I didn’t quite know what to do with myself. For the last year Max filled a huge portion of my time. His morning routine alone took half an hour. It was usually a good 40 minutes before I could even start thinking about breakfast for myself. That first morning the dogs were taken care of in less than ten minutes. It felt weird.
Everything felt weird, like I was moving through a dream. When Murdoch and I headed down the road that day, even the outside world seemed removed from reality. We plodded along as though encased in a bubble to the walking trail at the end of our road.
It had been a long time since Max walked the trail. Over the past year he had started slowing down. At first he would go to where the trail began to track slightly uphill before stopping and giving me a pointed look that he was ready to turn around. For a while he walked to the end of the road, turning back just where the trail began, but in the past four months, Max spent most of his time wandering between our house and the neighbours’ before tiring and returning home for a nap.
Murdoch and I continued up the trail, heading for the clear, open space where the ticks are less prevalent and he can run free and chase a stick. When we reach the spot.
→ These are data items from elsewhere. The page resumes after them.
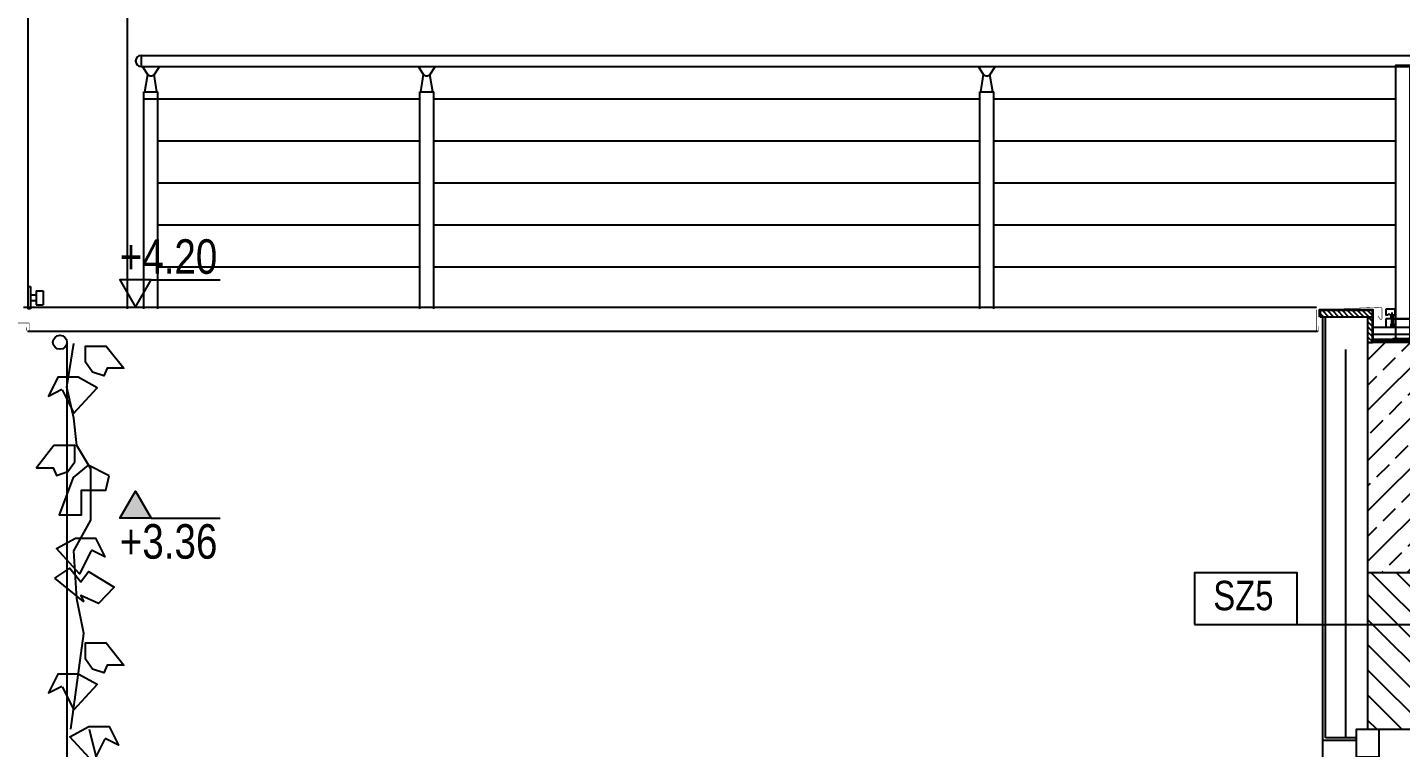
# Model space of a CAD drawing. Header units: millimetres. Extents: x 58205 to 122423, y 1055 to 94479.
# Drawn here: x 69734.9 to 70225.2, y 17091.8 to 17348.7 of the extents above; entities that cross this region are included whole.
import ezdxf

# ---------------------------------------------------------------- set-up
doc = ezdxf.new("R2010")
doc.units = ezdxf.units.MM
for name, pattern in [('0707_PB_080619_gn_xref$0$ACAD_ISO10W100', [18, 12, -3, 0, -3]), ('ACAD_ISO03W100', [30, 12, -18]), ('AUDIT_D_080509132939-0', [0]), ('DASHED', [0.75, 0.5, -0.25])]:
    doc.linetypes.add(name, pattern=pattern)
for name, color, linetype in [('+48_HACZE', 253, 'Continuous'), ('+48_IZOLACJE', 4, 'Continuous'), ('+48_KOTY', 3, 'Continuous'), ('+48_MEBLE', 251, 'Continuous'), ('+48_OPISY_ŚCIAN', 3, 'Continuous'), ('+48_SCIANY', 1, 'Continuous'), ('+48_STOLARKA OKNA', 3, 'Continuous'), ('+48_STOLARKA_OKNA', 3, 'Continuous'), ('+48_WEŁNA', 252, 'Continuous'), ('+48_WIDOK', 5, 'Continuous'), ('+48_ZIELEŃ', 3, 'Continuous'), ('+48_ŻELBET', 242, 'Continuous'), ('1_CIENKA', 252, 'Continuous'), ('_przerywane', 8, 'DASHED')]:
    doc.layers.add(name, color=color, linetype=linetype)
doc.styles.add('WRP_ARIAL', font='ARIAL.TTF', dxfattribs={"width": 0.8})
doc.linetypes.add('BATTING', pattern='A,0.00254,-2.54,[134,ltypeshp.shx,S=2.54,R=0,X=-2.54,Y=0],-5.08,[134,ltypeshp.shx,S=2.54,R=180,X=2.54,Y=0],-2.54', length=10.16254)
doc.linetypes.add('ZIGZAG', pattern='A,0.00254,-5.08,[131,ltypeshp.shx,S=5.08,R=0,X=-5.08,Y=0],-10.16,[131,ltypeshp.shx,S=5.08,R=180,X=5.08,Y=0],-5.08', length=20.32254)

# ---------------------------------------------------------------- blocks, each defined once
blk = doc.blocks.new('koty')
at = {"layer": '+48_KOTY', "color": 3, "ltscale": 5}
blk.add_line((70403.15119564424, 11224.9944954098), (70423.15119564424, 11224.9944954098), dxfattribs=at)
blk.add_lwpolyline([(70398.60119564424, 11217.11366423536), (70403.15119564424, 11224.9944954098), (70394.05119564424, 11224.9944954098)], close=True, dxfattribs=at)
at = {"layer": '+48_KOTY', "color": 3, "style": 'WRP_ARIAL', "width": 0.8}
blk.add_attdef('POZIOM', (70403.19254657679, 11226.78226920364), '', height=10, dxfattribs=at)
blk = doc.blocks.new('SCIANA')
at = {"layer": '+48_OPISY_ŚCIAN', "ltscale": 5}
blk.add_line((-25, 0), (25, 0), dxfattribs=at)
blk.add_lwpolyline([(-60, 0), (-25, 0), (-25, 17.5), (-60, 17.5)], close=True, dxfattribs=at)
at = {"layer": '+48_OPISY_ŚCIAN', "ltscale": 5, "style": 'WRP_ARIAL', "width": 0.8}
blk.add_attdef('TYP', (-53.56018213877906, 4.799908545871403), '', height=10, dxfattribs=at)

msp = doc.modelspace()

# ---------------------------------------------------------------- hatches: boundary and pattern name
at = {"layer": '+48_HACZE', "linetype": 'AUDIT_D_080509132939-0'}
h = msp.add_hatch(dxfattribs=at)
h.set_pattern_fill('ANSI33', color=256, scale=2, angle=180, style=0)
h.set_pattern_definition([(225, (4.085013642907143e-07, -3.637978807091713e-12), (8.98025612106915, -8.980256121069155), []), (225, (-8.980259591480717, -3.637978807091713e-12), (8.98025612106915, -8.980256121069155), [6.35, -3.175])])
h.paths.add_polyline_path([(70237.48355293178, 17236.27063742869), (70213.48355293181, 17236.27063742869), (70213.48355293181, 17154.27062474124), (70237.48355293178, 17154.27062474124)])
at = {"layer": '+48_HACZE'}
h = msp.add_hatch(dxfattribs=at)
h.set_pattern_fill('ANSI31', color=256, scale=2, angle=90, style=0)
h.set_pattern_definition([(135, (0, -1.818989403545856e-12), (-4.490128060534577, -4.490128060534576), [])])
h.paths.add_polyline_path([(70213.48355293181, 17098.2706247413), (70225.48355786802, 17098.27062474129), (70225.483557868, 17154.27062474124), (70213.48355293181, 17154.27062474124)])
h.paths.add_polyline_path([(70225.48355786804, 17098.27062474129), (70237.48355293178, 17098.27062474129), (70237.48355293178, 17154.27062474124), (70225.48355786802, 17154.27062474124)])
at = {"layer": '+48_KOTY'}
msp.add_hatch(color=256, dxfattribs=at).paths.add_polyline_path([(69779.04905469168, 17173.56178439669), (69767.83825154934, 17173.56178439669), (69773.44365312053, 17183.27062471476)])
at = {"layer": '+48_WIDOK'}
h = msp.add_hatch(dxfattribs=at)
h.set_pattern_fill('ANSI31', color=2, scale=0.4, angle=-6.492229350048602e-14, style=0)
h.set_pattern_definition([(135.0000000000001, (70215.68355092814, 17245.4717985446), (0.8980256121069142, 0.8980256121069164), [])])
h.paths.add_polyline_path([(70196.48355293073, 17247.67179854488), (70196.48355293073, 17245.47179854489), (70215.18355092814, 17245.47179854461), (70215.18355092814, 17247.67179854461)])
h = msp.add_hatch(dxfattribs=at)
h.set_pattern_fill('ANSI31', color=2, scale=0.4, angle=-6.492229350048602e-14, style=0)
h.set_pattern_definition([(135.0000000000001, (70215.68355106455, 17236.1706304957), (0.8980256121069142, 0.8980256121069164), [])])
h.paths.add_polyline_path([(70213.48355106461, 17236.27063742869), (70215.18355106455, 17236.27063742869), (70215.18355093109, 17245.27062474182), (70213.48355093115, 17245.27062474182)])

# ---------------------------------------------------------------- linework, layer by layer
at = {"layer": '+48_IZOLACJE', "linetype": 'DASHED', "const_width": 0.3}
msp.add_lwpolyline([(70215.33355104594, 17236.27063743023), (70215.3335509266, 17247.82179854615), (70196.33355293074, 17247.82179799404), (70196.33355293072, 17245.47179854489)], dxfattribs=at)
at = {"layer": '+48_IZOLACJE'}
for points in [[(70215.48355104595, 17236.27063743176), (70215.48355092507, 17247.97179854768), (70196.18355293073, 17247.9717979925), (70196.18355293073, 17245.47179854489)], [(70215.18355104595, 17236.27063742869), (70215.18355092814, 17247.67179854461), (70196.48355293073, 17247.67179799558), (70196.48355293072, 17245.47179854489)]]:
    msp.add_lwpolyline(points, dxfattribs=at)
at = {"layer": '+48_IZOLACJE', "linetype": 'ACAD_ISO03W100', "ltscale": 0.1, "const_width": 0.2}
msp.add_lwpolyline([(71270.02136919461, 17241.92063721691), (70215.48355098705, 17241.92063721691)], dxfattribs=at)
at = {"layer": '+48_IZOLACJE', "linetype": 'ACAD_ISO03W100', "ltscale": 0.5, "const_width": 1.5}
msp.add_lwpolyline([(70215.48355103725, 17237.02063742869), (70238.23356167259, 17237.02063742869)], dxfattribs=at)
at = {"layer": '+48_KOTY'}
msp.add_lwpolyline([(69779.04905469168, 17173.56178439669), (69767.83825154934, 17173.56178439669), (69773.44365312053, 17183.27062471476), (69779.04905469168, 17173.56178439669)], dxfattribs=at)
at = {"layer": '+48_MEBLE'}
for p, q in [((69770.48355816587, 17512.27085459783), (69770.48355816588, 17248.37062474129)), ((69775.48355816587, 17338.77062445821), (71263.98351163659, 17338.77062456367)), ((69775.48355816587, 17338.77062445821), (69775.48355816615, 17334.77065739074)), ((69775.48355816615, 17334.77065739074), (71262.9835116367, 17334.77065749609)), ((69776.48355816354, 17248.27027029088), (69776.48355816695, 17325.77030320191)), ((69776.48355816695, 17325.77030320191), (69781.48355816094, 17325.77030320225)), ((69776.48355816354, 17248.27027029088), (69776.48355816695, 17325.77030320191)), ((69776.48355816695, 17325.77030320191), (69781.48355816094, 17325.77030320225)), ((69781.48355815753, 17248.27027029066), (69781.48355816094, 17325.77030320225)), ((69781.48355815753, 17248.27027029066), (69781.48355816094, 17325.77030320225)), ((69874.9835529248, 17248.27027027691), (69874.9835529282, 17325.77030318793)), ((69874.9835529282, 17325.77030318793), (69879.98355292219, 17325.77030318828)), ((69874.9835529248, 17248.27027027691), (69874.9835529282, 17325.77030318793)), ((69874.9835529282, 17325.77030318793), (69879.98355292219, 17325.77030318828)), ((69879.98355291878, 17248.27027027669), (69879.98355292219, 17325.77030318828)), ((69879.98355291878, 17248.27027027669), (69879.98355292219, 17325.77030318828)), ((70074.9835529248, 17248.2702702908), (70074.9835529282, 17325.77030320183)), ((70074.9835529282, 17325.77030320183), (70079.98355292219, 17325.77030320217)), ((70074.9835529248, 17248.2702702908), (70074.9835529282, 17325.77030320183)), ((70074.9835529282, 17325.77030320183), (70079.98355292219, 17325.77030320217)), ((70079.98355291878, 17248.27027029058), (70079.98355292219, 17325.77030320217)), ((70079.98355291878, 17248.27027029058), (70079.98355292219, 17325.77030320217)), ((69776.48355816664, 17323.27065739074), (69874.98355292808, 17323.27065739941)), ((69781.48355816082, 17323.27062445856), (69874.98355292808, 17323.27062446695)), ((69879.98355292209, 17323.27065739976), (70074.98355292808, 17323.27065741335)), ((69879.98355292207, 17323.27062446731), (70074.98355292808, 17323.27062448102)), ((70079.98355292207, 17323.27065741369), (70223.58365714608, 17323.27065742289)), ((70079.98355292209, 17323.27062448137), (70223.5836571419, 17323.27062449064)), ((69781.48355816017, 17308.27065739109), (69874.98355292743, 17308.27065739941)), ((69879.98355292142, 17308.27065739976), (70074.98355292744, 17308.27065741335)), ((70079.98355292143, 17308.27065741369), (70223.58365714512, 17308.27065742289)), ((69781.48355815951, 17293.27065739109), (69874.98355292677, 17293.27065739941)), ((69879.98355292075, 17293.27065739976), (70074.98355292677, 17293.27065741335)), ((70079.98355292076, 17293.2706574137), (70223.58365714418, 17293.27065742289)), ((69781.48355815886, 17278.2706573911), (69874.9835529261, 17278.27065739941)), ((69879.98355292011, 17278.27065739976), (70074.9835529261, 17278.27065741335)), ((70079.9835529201, 17278.2706574137), (70223.58365714322, 17278.27065742289)), ((69781.48355815819, 17263.2706573911), (69874.98355292545, 17263.27065739942)), ((69781.48355815819, 17263.27062445856), (69874.98355292545, 17263.27062446695)), ((69879.98355291944, 17263.27065739977), (70074.98355292546, 17263.27065741336)), ((69879.98355291944, 17263.2706244673), (70074.98355292545, 17263.27062448102)), ((70079.98355291945, 17263.2706574137), (70223.58365714227, 17263.27065742289)), ((70079.98355291944, 17263.27062448137), (70223.58365714143, 17263.27062449064))]:
    msp.add_line(p, q, dxfattribs=at)
for points in [[(69781.98355816133, 17334.77030320229), (69779.97544244846, 17331.77031966842, -0.4595573015895428), (69777.97544244846, 17331.77031966828), (69775.98355816734, 17334.77030320188)], [(69781.98355816133, 17334.77030320229), (69779.97544244846, 17331.77031966842, -0.4595573015895428), (69777.97544244846, 17331.77031966828), (69775.98355816734, 17334.77030320188)], [(69880.48355292258, 17334.77030318831), (69878.47543720971, 17331.77031965444, -0.4595573015895428), (69876.47543720971, 17331.77031965431), (69874.48355292859, 17334.7703031879)], [(69880.48355292258, 17334.77030318831), (69878.47543720971, 17331.77031965444, -0.4595573015895428), (69876.47543720971, 17331.77031965431), (69874.48355292859, 17334.7703031879)], [(70080.48355292258, 17334.77030320221), (70078.47543720971, 17331.77031966834, -0.4595573015895428), (70076.47543720971, 17331.7703196682), (70074.48355292859, 17334.7703032018)], [(70080.48355292258, 17334.77030320221), (70078.47543720971, 17331.77031966834, -0.4595573015895428), (70076.47543720971, 17331.7703196682), (70074.48355292859, 17334.7703032018)]]:
    msp.add_lwpolyline(points, format="xyb", dxfattribs=at)
for points in [[(69776.84250170292, 17325.77031966817), (69777.84531399142, 17331.96630656976)], [(69776.84250170292, 17325.77031966817), (69777.84531399142, 17331.96630656976)], [(69781.10838320396, 17325.77031967184), (69780.10577737598, 17331.96503087653)], [(69781.10838320396, 17325.77031967184), (69780.10577737598, 17331.96503087653)], [(69875.34249646417, 17325.7703196542), (69876.34530875267, 17331.96630655578)], [(69875.34249646417, 17325.7703196542), (69876.34530875267, 17331.96630655578)], [(69879.60837796521, 17325.77031965786), (69878.60577213723, 17331.96503086256)], [(69879.60837796521, 17325.77031965786), (69878.60577213723, 17331.96503086256)], [(70075.34249646417, 17325.77031966809), (70076.34530875267, 17331.96630656968)], [(70075.34249646417, 17325.77031966809), (70076.34530875267, 17331.96630656968)], [(70079.60837796521, 17325.77031967176), (70078.60577213723, 17331.96503087645)], [(70079.60837796521, 17325.77031967176), (70078.60577213723, 17331.96503087645)], [(70197.48355286333, 16828.27062474135), (70197.48355286331, 17094.27062467238)]]:
    msp.add_lwpolyline(points, dxfattribs=at)
msp.add_arc((69775.48355816587, 17336.77064092448), 1.99998353373303, 90.00000000416884, 270.0000000041688, dxfattribs=at)
at = {"layer": '+48_SCIANY', "ltscale": 0.15}
for points in [[(70213.48355293181, 17154.27062474124), (70213.48355293181, 17098.27062474129)], [(70213.48355293181, 17098.27062474129), (70237.48355293178, 17098.27062474129)]]:
    msp.add_lwpolyline(points, dxfattribs=at)
at = {"layer": '+48_STOLARKA OKNA'}
for points in [[(70217.48355293181, 17098.27062474129), (70217.48355293181, 16828.27062474135), (70209.48355293181, 16828.27062474135), (70209.48355293181, 17098.27062474129)], [(70217.48355293181, 17098.27062474129), (70217.48355293181, 17088.27062474129), (70209.48355293181, 17088.27062474129), (70209.48355293181, 17098.27062474129)]]:
    msp.add_lwpolyline(points, close=True, dxfattribs=at)
at = {"layer": '+48_STOLARKA_OKNA'}
for p, q in [((69735.01173589966, 17256.27085459363), (69736.01173589966, 17256.27085459363)), ((69736.01173589966, 17256.27085459363), (69736.01173589966, 17248.27085459363)), ((69736.01173589966, 17253.27085459363), (69738.01173589966, 17253.27085459363)), ((69736.01173589966, 17251.27085459363), (69738.01173589966, 17251.27085459363)), ((69738.01173589966, 17254.77085459363), (69738.01173589966, 17249.77085459363)), ((69738.01173589966, 17254.77085459363), (69740.51173589966, 17254.77085459363)), ((69740.51173589966, 17254.77085459363), (69740.51173589966, 17249.77085459363)), ((69736.01173589966, 17248.27085459363), (69735.01173589966, 17248.27085459363)), ((69738.01173589966, 17249.77085459363), (69740.51173589966, 17249.77085459363))]:
    msp.add_line(p, q, dxfattribs=at)
at = {"layer": '+48_WEŁNA', "linetype": 'BATTING', "ltscale": 0.7}
msp.add_line((70205.7335601043, 17095.27062474129), (70205.7335601043, 17233.77063742938), dxfattribs=at)
at = {"layer": '+48_WEŁNA', "linetype": 'ZIGZAG', "ltscale": 0.48}
msp.add_lwpolyline([(70215.4835510142, 17239.27063120188), (71275.78350920397, 17239.27061748047)], dxfattribs=at)
at = {"layer": '+48_WIDOK'}
for p, q in [((69733.41184446546, 17248.91029551486), (70195.18366148342, 17248.91029551489)), ((70197.48355286331, 17094.27062467238), (70197.48355293248, 17245.47179854443)), ((70198.48355286289, 17095.27062474129), (70198.48355286289, 17245.47179854486)), ((70215.68355096252, 17242.12913105456), (70215.48355096253, 17242.12913105456)), ((70195.61043817876, 17240.28602682376), (69735.05675950892, 17240.28602682371)), ((69748.98354212077, 17236.3706247412), (69748.98354212068, 16828.27062474131)), ((70198.48355293178, 17095.27062474129), (70198.48355293178, 17234.77063742869))]:
    msp.add_line(p, q, dxfattribs=at)
for points in [[(70224.03365714916, 17237.77062744246), (70223.58365714917, 17237.77062861813), (70223.58365714565, 17335.27175990071), (70228.58365713907, 17335.27175990071), (70228.58425625904, 17237.77062719667), (70228.13425625906, 17237.77062403974)], [(70209.48355293181, 17094.27062467238), (70197.48355286331, 17094.27062467238)], [(70209.48355293181, 17095.27062474129), (70198.48355286289, 17095.27062474129)]]:
    msp.add_lwpolyline(points, dxfattribs=at)
at = {"layer": '+48_WIDOK', "const_width": 0.2}
for points in [[(70217.13475644613, 17245.8286052551), (70217.9230264931, 17244.68110294293, 0.7366785218692551), (70218.65272878914, 17244.90759001979), (70218.65272878914, 17248.21026501364, 0.4142135623743508), (70217.95269828661, 17248.91029551613), (70195.18366148342, 17248.91029551489), (70195.18366148346, 17240.7645250976, 1.12119119698539), (70196.03721487406, 17240.7645250976), (70196.03721487406, 17242.20854793622)], [(69735.48353620426, 17243.28602682371), (69735.48353620422, 17240.76452509755, -1.12119119698539), (69734.62998281363, 17240.76452509755), (69734.62998281363, 17241.71559884956)]]:
    msp.add_lwpolyline(points, format="xyb", dxfattribs=at)
at = {"layer": '+48_WIDOK', "color": 2}
for points in [[(70196.48355293073, 17247.67179854488), (70196.48355293073, 17245.47179854489), (70215.18355092814, 17245.47179854461), (70215.18355092814, 17247.67179854461)], [(70213.48355106461, 17236.27063742869), (70215.18355106455, 17236.27063742869), (70215.18355093109, 17245.27062474182), (70213.48355093115, 17245.27062474182)]]:
    msp.add_lwpolyline(points, close=True, dxfattribs=at)
at = {"layer": '+48_WIDOK', "const_width": 0.2}
msp.add_lwpolyline([(69717.48353620426, 17243.28602682371), (69735.48353620426, 17243.28602682371), (69735.48353620426, 17241.2216318668)], dxfattribs=at)
at = {"layer": '+48_WIDOK', "ltscale": 3}
for points in [[(70215.48355098859, 17241.77062808407), (71253.4834968303, 17241.77061777098)], [(70215.48355104079, 17236.77062811914), (71275.7835091673, 17236.77061779195)]]:
    msp.add_lwpolyline(points, dxfattribs=at)
at = {"layer": '+48_WIDOK'}
msp.add_lwpolyline([(70229.5836575488, 17237.2706251643), (70222.5836575488, 17237.27062554238), (70222.5836575488, 17237.77062752077), (70229.5836575488, 17237.77062714269)], close=True, dxfattribs=at)
msp.add_circle((69746.48354212077, 17236.3706247412), 2.5, dxfattribs=at)
at = {"layer": '+48_ZIELEŃ'}
for points in [[(69750.37984133864, 17098.2706247413), (69754.9572622079, 17132.50083992838), (69752.48354213835, 17144.79746465218), (69751.48354213835, 17161.97373537841), (69757.49655269238, 17172.90409969833), (69757.49655269238, 17191.16807179042), (69752.48354213835, 17199.56099095584), (69751.48354213836, 17209.32022674292), (69748.87872722952, 17220.31507284218), (69751.48354213836, 17236.00101055161)], [(69755.57013495815, 17229.25959988047), (69755.57013495815, 17235.03861879666), (69763.04127868435, 17235.03861879666), (69769.30736549247, 17227.09243913592), (69763.36443996681, 17227.09243913592), (69762.11859570241, 17224.38159724), (69758.04848916219, 17225.70939863538), (69755.57013495815, 17229.25959988047)], [(69747.28211762231, 17219.4199337141), (69751.43013845226, 17211.13131744287), (69759.72618011221, 17220.17345470275), (69752.94005463841, 17223.88089257089), (69745.71102041668, 17223.88089257089), (69742.37430173832, 17217.21380762565), (69747.18207183211, 17219.61984620216)], [(69751.80233721893, 17193.78197203965), (69751.80233721893, 17199.56099095584), (69744.33119349273, 17199.56099095584), (69738.06510668462, 17191.61481129511), (69744.00803221027, 17191.61481129511), (69745.25387647467, 17188.90396939918), (69749.3239830149, 17190.23177079456), (69751.80233721893, 17193.78197203965)], [(69763.99906105739, 17188.70513154134), (69756.58779106392, 17192.55559514237), (69751.25170804349, 17188.11274371012), (69746.21185619866, 17174.78418941332), (69754.21611145795, 17174.78418941332), (69754.21611145795, 17183.66989227785), (69762.81335198307, 17183.66989227785), (69763.99906105739, 17188.70513154134)], [(69757.63858814652, 17162.0103182473), (69753.49056731658, 17153.72170197607), (69745.19452565663, 17162.76383923595), (69751.98065113042, 17166.47127710409), (69759.20968535215, 17166.47127710409), (69762.54640403051, 17159.80419215884), (69757.73863393675, 17162.21023073536)], [(69744.6686191777, 17152.16758920658), (69750.03293959172, 17155.82173623672), (69753.93414468497, 17150.94946379387), (69756.61617416328, 17154.60372542797), (69765.8816996705, 17149.00062357912), (69760.27370100793, 17143.15398833087), (69753.93414468497, 17146.077305955), (69754.87042344901, 17143.91931352666), (69744.6686191777, 17152.16758920658)], [(69755.5701349582, 17123.32153064186), (69755.5701349582, 17129.10054955805), (69763.0412786844, 17129.10054955805), (69769.30736549251, 17121.15436989732), (69763.36443996686, 17121.15436989732), (69762.11859570246, 17118.44352800139), (69758.04848916223, 17119.77132939678), (69755.5701349582, 17123.32153064186)], [(69747.28211762235, 17113.48186447549), (69751.4301384523, 17105.19324820427), (69759.72618011225, 17114.23538546415), (69752.94005463846, 17117.94282333229), (69745.71102041673, 17117.94282333229), (69742.37430173837, 17111.27573838704), (69747.18207183215, 17113.68177696356)], [(69762.48885238716, 17094.84384888819), (69758.34083155722, 17086.55523261696), (69750.04478989726, 17095.59736987684), (69756.83091537106, 17099.30480774499), (69764.05994959279, 17099.30480774499), (69767.39666827115, 17092.63772279974), (69762.58889817739, 17095.04376137626)], [(69756.87984132105, 17098.2706247413), (69765.2622173729, 17064.90807454937), (69759.13655267267, 17047.51408384119), (69763.30931204262, 17029.10992781772), (69763.30931204262, 17010.14942748469), (69761.74231730083, 17001.49558970963), (69754.94118735065, 16980.63405832056), (69754.94118735065, 16952.67335738479), (69761.4454324819, 16933.60002511727), (69767.79244033933, 16918.07646131542), (69760.50666987304, 16904.45813092434), (69760.22297985708, 16886.17388042237), (69763.08280912532, 16876.70076708335), (69764.43127539892, 16850.89688491719), (69756.55362364052, 16835.4541076437), (69756.55362364052, 16828.27062474131)]]:
    msp.add_lwpolyline(points, dxfattribs=at)
at = {"layer": '+48_ŻELBET', "ltscale": 0.3}
msp.add_lwpolyline([(70237.48355293178, 17236.27063742869), (70213.48355293181, 17236.27063742869), (70213.48355293181, 17154.27062474124), (70237.48355293178, 17154.27062474124)], close=True, dxfattribs=at)
at = {"layer": '1_CIENKA', "lineweight": -3}
for p, q in [((70222.00875690154, 17246.07062456462), (70222.00875690154, 17242.95335731509)), ((70222.55875818065, 17246.07062456462), (70222.55875818065, 17242.95335731509)), ((70220.03595067703, 17244.77173451662), (70220.03595067703, 17244.77062101947)), ((71272.48336100357, 17244.77062154134), (70220.03595068995, 17244.77062154134)), ((70230.4336674247, 17244.77173451662), (70221.7336476571, 17244.77173451662)), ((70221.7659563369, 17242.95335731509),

I pause to look for a stick and am about to unhook Murdoch from his leash when I feel a surge to keep going.
I veer to the left of the fork in the trail and continue walking over flattened yellow grasses that have spent the winter dried out and crushed beneath a blanket of snow. Murdoch happily bounces along beside me. In the distance I can hear a chorus of chirping frogs which gets louder as the trail winds its way closer to the swampy area in the midst of this re-growing forest.
The sky overhead is a brilliant silver, light and dark hues give the clouds a rich texture, like ripples in the sand beneath the edge of a lapping lake. It is as though the clouds are alive and teasing the wind that flows playfully over the ground and through the trees.
I pick my way around the edge of a patch of rich, black mud. The tangle of bleached grasses I step on give way a bit as the soft mud shifts underfoot. Murdoch tromps through the middle of the swath of muck where puddles gather in deep grooves left behind by the fat tires of ATVs. I can hear the schloomp of the mud as it releases each of his feet in turn and the squelch as it oozes between his toes again.
The land is open here. The swamp is just thirty feet away behind a field of flattened, dried out white grasses and reeds, it is more a pond in the early spring than a thick swamp. I am compelled to stop. A couple of pine trees grow from the middle of the water at strange angles. One looks like it almost fell over at one time, then managed to stop itself and continue growing straight up towards the sky. Its spine curves precariously out over the tiny patch of ground it has claimed in the middle of the pond, and looks like it’s stuck in a permanent wind storm.
Through the grasses that stand tall near the swamp I catch glimpses of the water, it sparkles silver-black beneath the overcast sky and ripples with the wind. The peeping of the frogs fills the air. I can hear the quack and splash of ducks. Mountains etched out in a semi-circle against the sky in the near distance make this place feel cozy and familiar, like home. A warmish spring breeze swirls lazily around me and sets the still standing reeds swaying. Murdoch sits beside me and we are quiet together, watching and listening.
A feeling of peace wells up inside me as I picture Max here. I can see him in the grasses, running free, I can feel him riding the swirling wind. This is his spot, I am sure of it. It’s a place he would have loved.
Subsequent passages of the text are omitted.